*** Extracted records Section Begins ***

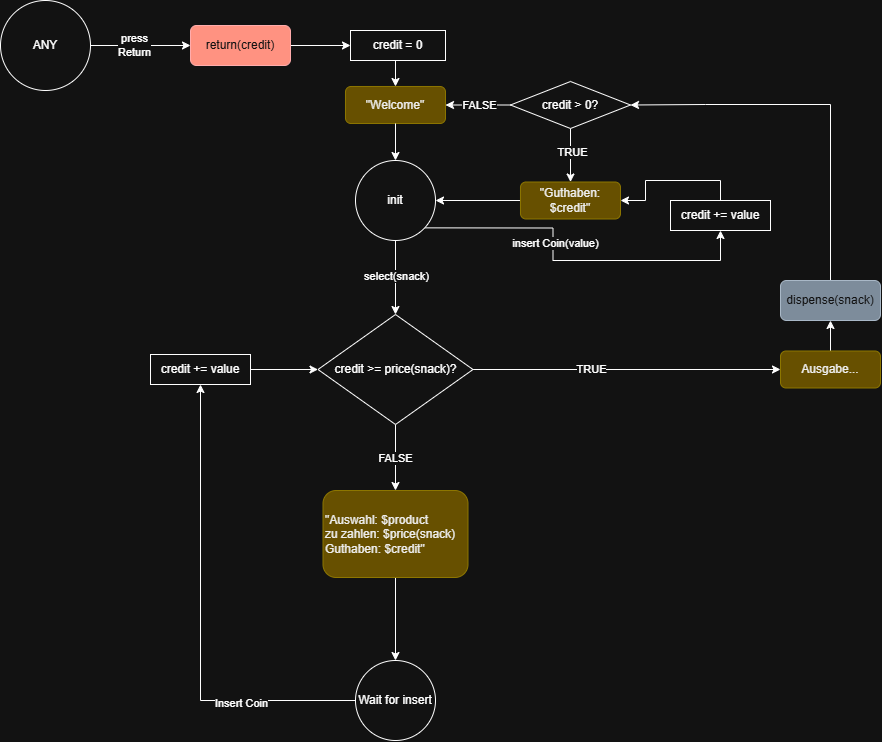

The diagram above was exported from draw.io. Its source (the exported page's mxGraphModel, read from the mxfile embedded in the PNG):
<mxGraphModel dx="1695" dy="1483" grid="1" gridSize="10" guides="1" tooltips="1" connect="1" arrows="1" fold="1" page="1" pageScale="1" pageWidth="827" pageHeight="1169" math="0" shadow="0">
  <root>
    <mxCell id="0" />
    <mxCell id="1" parent="0" />
    <mxCell id="x1nAscB2mftvPRs9asmE-140" parent="1" style="rounded=1;whiteSpace=wrap;html=1;fillColor=#e3c800;fontColor=#000000;strokeColor=#B09500;" value="&quot;Welcome&quot;" vertex="1">
      <mxGeometry height="37" width="100" x="905.0007692307693" y="936.0038461538462" as="geometry" />
    </mxCell>
    <mxCell id="x1nAscB2mftvPRs9asmE-141" edge="1" parent="1" source="x1nAscB2mftvPRs9asmE-145" style="edgeStyle=orthogonalEdgeStyle;rounded=0;orthogonalLoop=1;jettySize=auto;html=1;exitX=1;exitY=1;exitDx=0;exitDy=0;entryX=0.5;entryY=1;entryDx=0;entryDy=0;" target="x1nAscB2mftvPRs9asmE-148">
      <mxGeometry relative="1" as="geometry" />
    </mxCell>
    <mxCell id="x1nAscB2mftvPRs9asmE-142" connectable="0" parent="x1nAscB2mftvPRs9asmE-141" style="edgeLabel;html=1;align=center;verticalAlign=middle;resizable=0;points=[];" value="insert Coin(value)" vertex="1">
      <mxGeometry relative="1" x="-0.2001" y="1" as="geometry">
        <mxPoint as="offset" />
      </mxGeometry>
    </mxCell>
    <mxCell id="x1nAscB2mftvPRs9asmE-143" edge="1" parent="1" source="x1nAscB2mftvPRs9asmE-145" style="edgeStyle=orthogonalEdgeStyle;rounded=0;orthogonalLoop=1;jettySize=auto;html=1;exitX=0.5;exitY=1;exitDx=0;exitDy=0;entryX=0.5;entryY=0;entryDx=0;entryDy=0;" target="x1nAscB2mftvPRs9asmE-157">
      <mxGeometry relative="1" as="geometry">
        <mxPoint x="955.0007692307693" y="1170.003846153846" as="targetPoint" />
      </mxGeometry>
    </mxCell>
    <mxCell id="x1nAscB2mftvPRs9asmE-144" connectable="0" parent="x1nAscB2mftvPRs9asmE-143" style="edgeLabel;html=1;align=center;verticalAlign=middle;resizable=0;points=[];" value="select(snack)" vertex="1">
      <mxGeometry relative="1" x="-0.0762" as="geometry">
        <mxPoint as="offset" />
      </mxGeometry>
    </mxCell>
    <mxCell id="x1nAscB2mftvPRs9asmE-145" parent="1" style="ellipse;whiteSpace=wrap;html=1;aspect=fixed;" value="init" vertex="1">
      <mxGeometry height="80" width="80" x="915.0007692307693" y="1010.0038461538462" as="geometry" />
    </mxCell>
    <mxCell id="x1nAscB2mftvPRs9asmE-146" edge="1" parent="1" source="x1nAscB2mftvPRs9asmE-140" style="endArrow=classic;html=1;rounded=0;entryX=0.5;entryY=0;entryDx=0;entryDy=0;exitX=0.5;exitY=1;exitDx=0;exitDy=0;" target="x1nAscB2mftvPRs9asmE-145" value="">
      <mxGeometry height="50" relative="1" width="50" as="geometry">
        <mxPoint x="960.0007692307693" y="970.0038461538462" as="sourcePoint" />
        <mxPoint x="1090.0007692307693" y="1080.003846153846" as="targetPoint" />
      </mxGeometry>
    </mxCell>
    <mxCell id="x1nAscB2mftvPRs9asmE-147" edge="1" parent="1" source="x1nAscB2mftvPRs9asmE-148" style="edgeStyle=orthogonalEdgeStyle;rounded=0;orthogonalLoop=1;jettySize=auto;html=1;exitX=0.5;exitY=0;exitDx=0;exitDy=0;entryX=1;entryY=0.5;entryDx=0;entryDy=0;" target="x1nAscB2mftvPRs9asmE-150">
      <mxGeometry relative="1" as="geometry">
        <mxPoint x="1140.0007692307693" y="1010.0038461538462" as="targetPoint" />
      </mxGeometry>
    </mxCell>
    <mxCell id="x1nAscB2mftvPRs9asmE-148" parent="1" style="rounded=0;whiteSpace=wrap;html=1;" value="credit += value" vertex="1">
      <mxGeometry height="30" width="100" x="1230.0007692307693" y="1050.003846153846" as="geometry" />
    </mxCell>
    <mxCell id="x1nAscB2mftvPRs9asmE-149" edge="1" parent="1" source="x1nAscB2mftvPRs9asmE-150" style="edgeStyle=orthogonalEdgeStyle;rounded=0;orthogonalLoop=1;jettySize=auto;html=1;entryX=1;entryY=0.5;entryDx=0;entryDy=0;" target="x1nAscB2mftvPRs9asmE-145">
      <mxGeometry relative="1" as="geometry" />
    </mxCell>
    <mxCell id="x1nAscB2mftvPRs9asmE-150" parent="1" style="rounded=1;whiteSpace=wrap;html=1;fillColor=#e3c800;fontColor=#000000;strokeColor=#B09500;" value="&quot;Guthaben: $credit&quot;" vertex="1">
      <mxGeometry height="37" width="100" x="1080.0007692307693" y="1031.503846153846" as="geometry" />
    </mxCell>
    <mxCell id="x1nAscB2mftvPRs9asmE-151" edge="1" parent="1" source="x1nAscB2mftvPRs9asmE-152" style="edgeStyle=orthogonalEdgeStyle;rounded=0;orthogonalLoop=1;jettySize=auto;html=1;exitX=0.5;exitY=1;exitDx=0;exitDy=0;entryX=0.5;entryY=0;entryDx=0;entryDy=0;" target="x1nAscB2mftvPRs9asmE-140">
      <mxGeometry relative="1" as="geometry" />
    </mxCell>
    <mxCell id="x1nAscB2mftvPRs9asmE-152" parent="1" style="rounded=0;whiteSpace=wrap;html=1;" value="credit = 0" vertex="1">
      <mxGeometry height="30" width="95" x="910.0007692307693" y="880.0038461538462" as="geometry" />
    </mxCell>
    <mxCell id="x1nAscB2mftvPRs9asmE-153" edge="1" parent="1" source="x1nAscB2mftvPRs9asmE-157" style="edgeStyle=orthogonalEdgeStyle;rounded=0;orthogonalLoop=1;jettySize=auto;html=1;exitX=0.5;exitY=1;exitDx=0;exitDy=0;entryX=0.5;entryY=0;entryDx=0;entryDy=0;" target="x1nAscB2mftvPRs9asmE-162">
      <mxGeometry relative="1" as="geometry">
        <mxPoint x="955.0007692307693" y="1340.003846153846" as="targetPoint" />
      </mxGeometry>
    </mxCell>
    <mxCell id="x1nAscB2mftvPRs9asmE-154" connectable="0" parent="x1nAscB2mftvPRs9asmE-153" style="edgeLabel;html=1;align=center;verticalAlign=middle;resizable=0;points=[];" value="FALSE" vertex="1">
      <mxGeometry relative="1" x="-0.0476" y="-1" as="geometry">
        <mxPoint as="offset" />
      </mxGeometry>
    </mxCell>
    <mxCell id="x1nAscB2mftvPRs9asmE-155" edge="1" parent="1" source="x1nAscB2mftvPRs9asmE-157" style="edgeStyle=orthogonalEdgeStyle;rounded=0;orthogonalLoop=1;jettySize=auto;html=1;entryX=0;entryY=0.5;entryDx=0;entryDy=0;exitX=1;exitY=0.5;exitDx=0;exitDy=0;" target="x1nAscB2mftvPRs9asmE-173">
      <mxGeometry relative="1" as="geometry">
        <mxPoint x="1190.0007692307693" y="1220.003846153846" as="sourcePoint" />
      </mxGeometry>
    </mxCell>
    <mxCell id="x1nAscB2mftvPRs9asmE-156" connectable="0" parent="x1nAscB2mftvPRs9asmE-155" style="edgeLabel;html=1;align=center;verticalAlign=middle;resizable=0;points=[];" value="TRUE" vertex="1">
      <mxGeometry relative="1" x="-0.2414" y="1" as="geometry">
        <mxPoint as="offset" />
      </mxGeometry>
    </mxCell>
    <mxCell id="x1nAscB2mftvPRs9asmE-157" parent="1" style="rhombus;whiteSpace=wrap;html=1;" value="credit &amp;gt;= price(snack)?" vertex="1">
      <mxGeometry height="110" width="155" x="877.5007692307693" y="1164.003846153846" as="geometry" />
    </mxCell>
    <mxCell id="x1nAscB2mftvPRs9asmE-158" edge="1" parent="1" source="x1nAscB2mftvPRs9asmE-160" style="edgeStyle=orthogonalEdgeStyle;rounded=0;orthogonalLoop=1;jettySize=auto;html=1;exitX=0;exitY=0.5;exitDx=0;exitDy=0;entryX=0.5;entryY=1;entryDx=0;entryDy=0;" target="x1nAscB2mftvPRs9asmE-164">
      <mxGeometry relative="1" as="geometry">
        <Array as="points">
          <mxPoint x="760.0007692307693" y="1550.003846153846" />
        </Array>
        <mxPoint x="1053.0007692307693" y="1300.003846153846" as="targetPoint" />
      </mxGeometry>
    </mxCell>
    <mxCell id="x1nAscB2mftvPRs9asmE-159" connectable="0" parent="x1nAscB2mftvPRs9asmE-158" style="edgeLabel;html=1;align=center;verticalAlign=middle;resizable=0;points=[];" value="Insert Coin" vertex="1">
      <mxGeometry relative="1" x="-0.5143" y="2" as="geometry">
        <mxPoint as="offset" />
      </mxGeometry>
    </mxCell>
    <mxCell id="x1nAscB2mftvPRs9asmE-160" parent="1" style="ellipse;whiteSpace=wrap;html=1;aspect=fixed;" value="Wait for insert" vertex="1">
      <mxGeometry height="80" width="80" x="915.0007692307693" y="1510.003846153846" as="geometry" />
    </mxCell>
    <mxCell id="x1nAscB2mftvPRs9asmE-161" edge="1" parent="1" source="x1nAscB2mftvPRs9asmE-162" style="edgeStyle=orthogonalEdgeStyle;rounded=0;orthogonalLoop=1;jettySize=auto;html=1;entryX=0.5;entryY=0;entryDx=0;entryDy=0;" target="x1nAscB2mftvPRs9asmE-160">
      <mxGeometry relative="1" as="geometry" />
    </mxCell>
    <mxCell id="x1nAscB2mftvPRs9asmE-162" parent="1" style="rounded=1;whiteSpace=wrap;html=1;fillColor=#e3c800;fontColor=#000000;strokeColor=#B09500;align=left;" value="&quot;Auswahl: $product&lt;div&gt;zu zahlen: $price(snack)&lt;/div&gt;&lt;div style=&quot;&quot;&gt;Guthaben: $credit&quot;&lt;/div&gt;" vertex="1">
      <mxGeometry height="87" width="145" x="882.5007692307693" y="1340.003846153846" as="geometry" />
    </mxCell>
    <mxCell id="x1nAscB2mftvPRs9asmE-163" edge="1" parent="1" source="x1nAscB2mftvPRs9asmE-164" style="edgeStyle=orthogonalEdgeStyle;rounded=0;orthogonalLoop=1;jettySize=auto;html=1;entryX=0;entryY=0.5;entryDx=0;entryDy=0;" target="x1nAscB2mftvPRs9asmE-157">
      <mxGeometry relative="1" as="geometry" />
    </mxCell>
    <mxCell id="x1nAscB2mftvPRs9asmE-164" parent="1" style="rounded=0;whiteSpace=wrap;html=1;" value="credit += value" vertex="1">
      <mxGeometry height="30" width="100" x="710.0007692307693" y="1204.003846153846" as="geometry" />
    </mxCell>
    <mxCell id="x1nAscB2mftvPRs9asmE-165" edge="1" parent="1" source="x1nAscB2mftvPRs9asmE-166" style="edgeStyle=orthogonalEdgeStyle;rounded=0;orthogonalLoop=1;jettySize=auto;html=1;entryX=1;entryY=0.5;entryDx=0;entryDy=0;" target="x1nAscB2mftvPRs9asmE-178">
      <mxGeometry relative="1" as="geometry">
        <Array as="points">
          <mxPoint x="1390.0007692307693" y="954.0038461538462" />
          <mxPoint x="1265.0007692307693" y="954.0038461538462" />
        </Array>
      </mxGeometry>
    </mxCell>
    <mxCell id="x1nAscB2mftvPRs9asmE-166" parent="1" style="rounded=1;whiteSpace=wrap;html=1;fillColor=#647687;fontColor=#ffffff;strokeColor=#314354;" value="dispense(snack)" vertex="1">
      <mxGeometry height="40" width="100" x="1340.0007692307693" y="1130.003846153846" as="geometry" />
    </mxCell>
    <mxCell id="x1nAscB2mftvPRs9asmE-167" edge="1" parent="1" source="x1nAscB2mftvPRs9asmE-168" style="edgeStyle=orthogonalEdgeStyle;rounded=0;orthogonalLoop=1;jettySize=auto;html=1;entryX=0;entryY=0.5;entryDx=0;entryDy=0;" target="x1nAscB2mftvPRs9asmE-152">
      <mxGeometry relative="1" as="geometry" />
    </mxCell>
    <mxCell id="x1nAscB2mftvPRs9asmE-168" parent="1" style="rounded=1;whiteSpace=wrap;html=1;fillColor=#e51400;fontColor=#ffffff;strokeColor=#B20000;" value="return(credit)" vertex="1">
      <mxGeometry height="40" width="100" x="750.0007692307693" y="875.0038461538462" as="geometry" />
    </mxCell>
    <mxCell id="x1nAscB2mftvPRs9asmE-169" edge="1" parent="1" source="x1nAscB2mftvPRs9asmE-171" style="edgeStyle=orthogonalEdgeStyle;rounded=0;orthogonalLoop=1;jettySize=auto;html=1;exitX=1;exitY=0.5;exitDx=0;exitDy=0;entryX=0;entryY=0.5;entryDx=0;entryDy=0;" target="x1nAscB2mftvPRs9asmE-168">
      <mxGeometry relative="1" as="geometry" />
    </mxCell>
    <mxCell id="x1nAscB2mftvPRs9asmE-170" connectable="0" parent="x1nAscB2mftvPRs9asmE-169" style="edgeLabel;html=1;align=center;verticalAlign=middle;resizable=0;points=[];" value="&lt;div&gt;press&lt;/div&gt;Return" vertex="1">
      <mxGeometry relative="1" x="-0.1276" y="1" as="geometry">
        <mxPoint as="offset" />
      </mxGeometry>
    </mxCell>
    <mxCell id="x1nAscB2mftvPRs9asmE-171" parent="1" style="ellipse;whiteSpace=wrap;html=1;aspect=fixed;" value="ANY" vertex="1">
      <mxGeometry height="90" width="90" x="560.0007692307693" y="850.0038461538462" as="geometry" />
    </mxCell>
    <mxCell id="x1nAscB2mftvPRs9asmE-172" edge="1" parent="1" source="x1nAscB2mftvPRs9asmE-173" style="edgeStyle=orthogonalEdgeStyle;rounded=0;orthogonalLoop=1;jettySize=auto;html=1;exitX=0.5;exitY=0;exitDx=0;exitDy=0;entryX=0.5;entryY=1;entryDx=0;entryDy=0;" target="x1nAscB2mftvPRs9asmE-166">
      <mxGeometry relative="1" as="geometry" />
    </mxCell>
    <mxCell id="x1nAscB2mftvPRs9asmE-173" parent="1" style="rounded=1;whiteSpace=wrap;html=1;fillColor=#e3c800;fontColor=#000000;strokeColor=#B09500;" value="Ausgabe..." vertex="1">
      <mxGeometry height="37" width="100" x="1340.0007692307693" y="1200.503846153846" as="geometry" />
    </mxCell>
    <mxCell id="x1nAscB2mftvPRs9asmE-174" edge="1" parent="1" source="x1nAscB2mftvPRs9asmE-178" style="edgeStyle=orthogonalEdgeStyle;rounded=0;orthogonalLoop=1;jettySize=auto;html=1;exitX=0.5;exitY=1;exitDx=0;exitDy=0;entryX=0.5;entryY=0;entryDx=0;entryDy=0;" target="x1nAscB2mftvPRs9asmE-150">
      <mxGeometry relative="1" as="geometry" />
    </mxCell>
    <mxCell id="x1nAscB2mftvPRs9asmE-175" connectable="0" parent="x1nAscB2mftvPRs9asmE-174" style="edgeLabel;html=1;align=center;verticalAlign=middle;resizable=0;points=[];" value="TRUE" vertex="1">
      <mxGeometry relative="1" x="-0.1969" y="1" as="geometry">
        <mxPoint as="offset" />
      </mxGeometry>
    </mxCell>
    <mxCell id="x1nAscB2mftvPRs9asmE-176" edge="1" parent="1" source="x1nAscB2mftvPRs9asmE-178" style="edgeStyle=orthogonalEdgeStyle;rounded=0;orthogonalLoop=1;jettySize=auto;html=1;exitX=0;exitY=0.5;exitDx=0;exitDy=0;" target="x1nAscB2mftvPRs9asmE-140">
      <mxGeometry relative="1" as="geometry" />
    </mxCell>
    <mxCell id="x1nAscB2mftvPRs9asmE-177" connectable="0" parent="x1nAscB2mftvPRs9asmE-176" style="edgeLabel;html=1;align=center;verticalAlign=middle;resizable=0;points=[];" value="FALSE" vertex="1">
      <mxGeometry relative="1" x="0.0345" y="-1" as="geometry">
        <mxPoint as="offset" />
      </mxGeometry>
    </mxCell>
    <mxCell id="x1nAscB2mftvPRs9asmE-178" parent="1" style="rhombus;whiteSpace=wrap;html=1;" value="credit &amp;gt; 0?" vertex="1">
      <mxGeometry height="47" width="120" x="1070.0007692307693" y="931.0038461538462" as="geometry" />
    </mxCell>
  </root>
</mxGraphModel>

*** Extracted records Section Ends ***

Your instructions —
From the records above, copy every line that includes the word "rhombus".

Answer box —
    <mxCell id="x1nAscB2mftvPRs9asmE-157" parent="1" style="rhombus;whiteSpace=wrap;html=1;" value="credit &amp;gt;= price(snack)?" vertex="1">
    <mxCell id="x1nAscB2mftvPRs9asmE-178" parent="1" style="rhombus;whiteSpace=wrap;html=1;" value="credit &amp;gt; 0?" vertex="1">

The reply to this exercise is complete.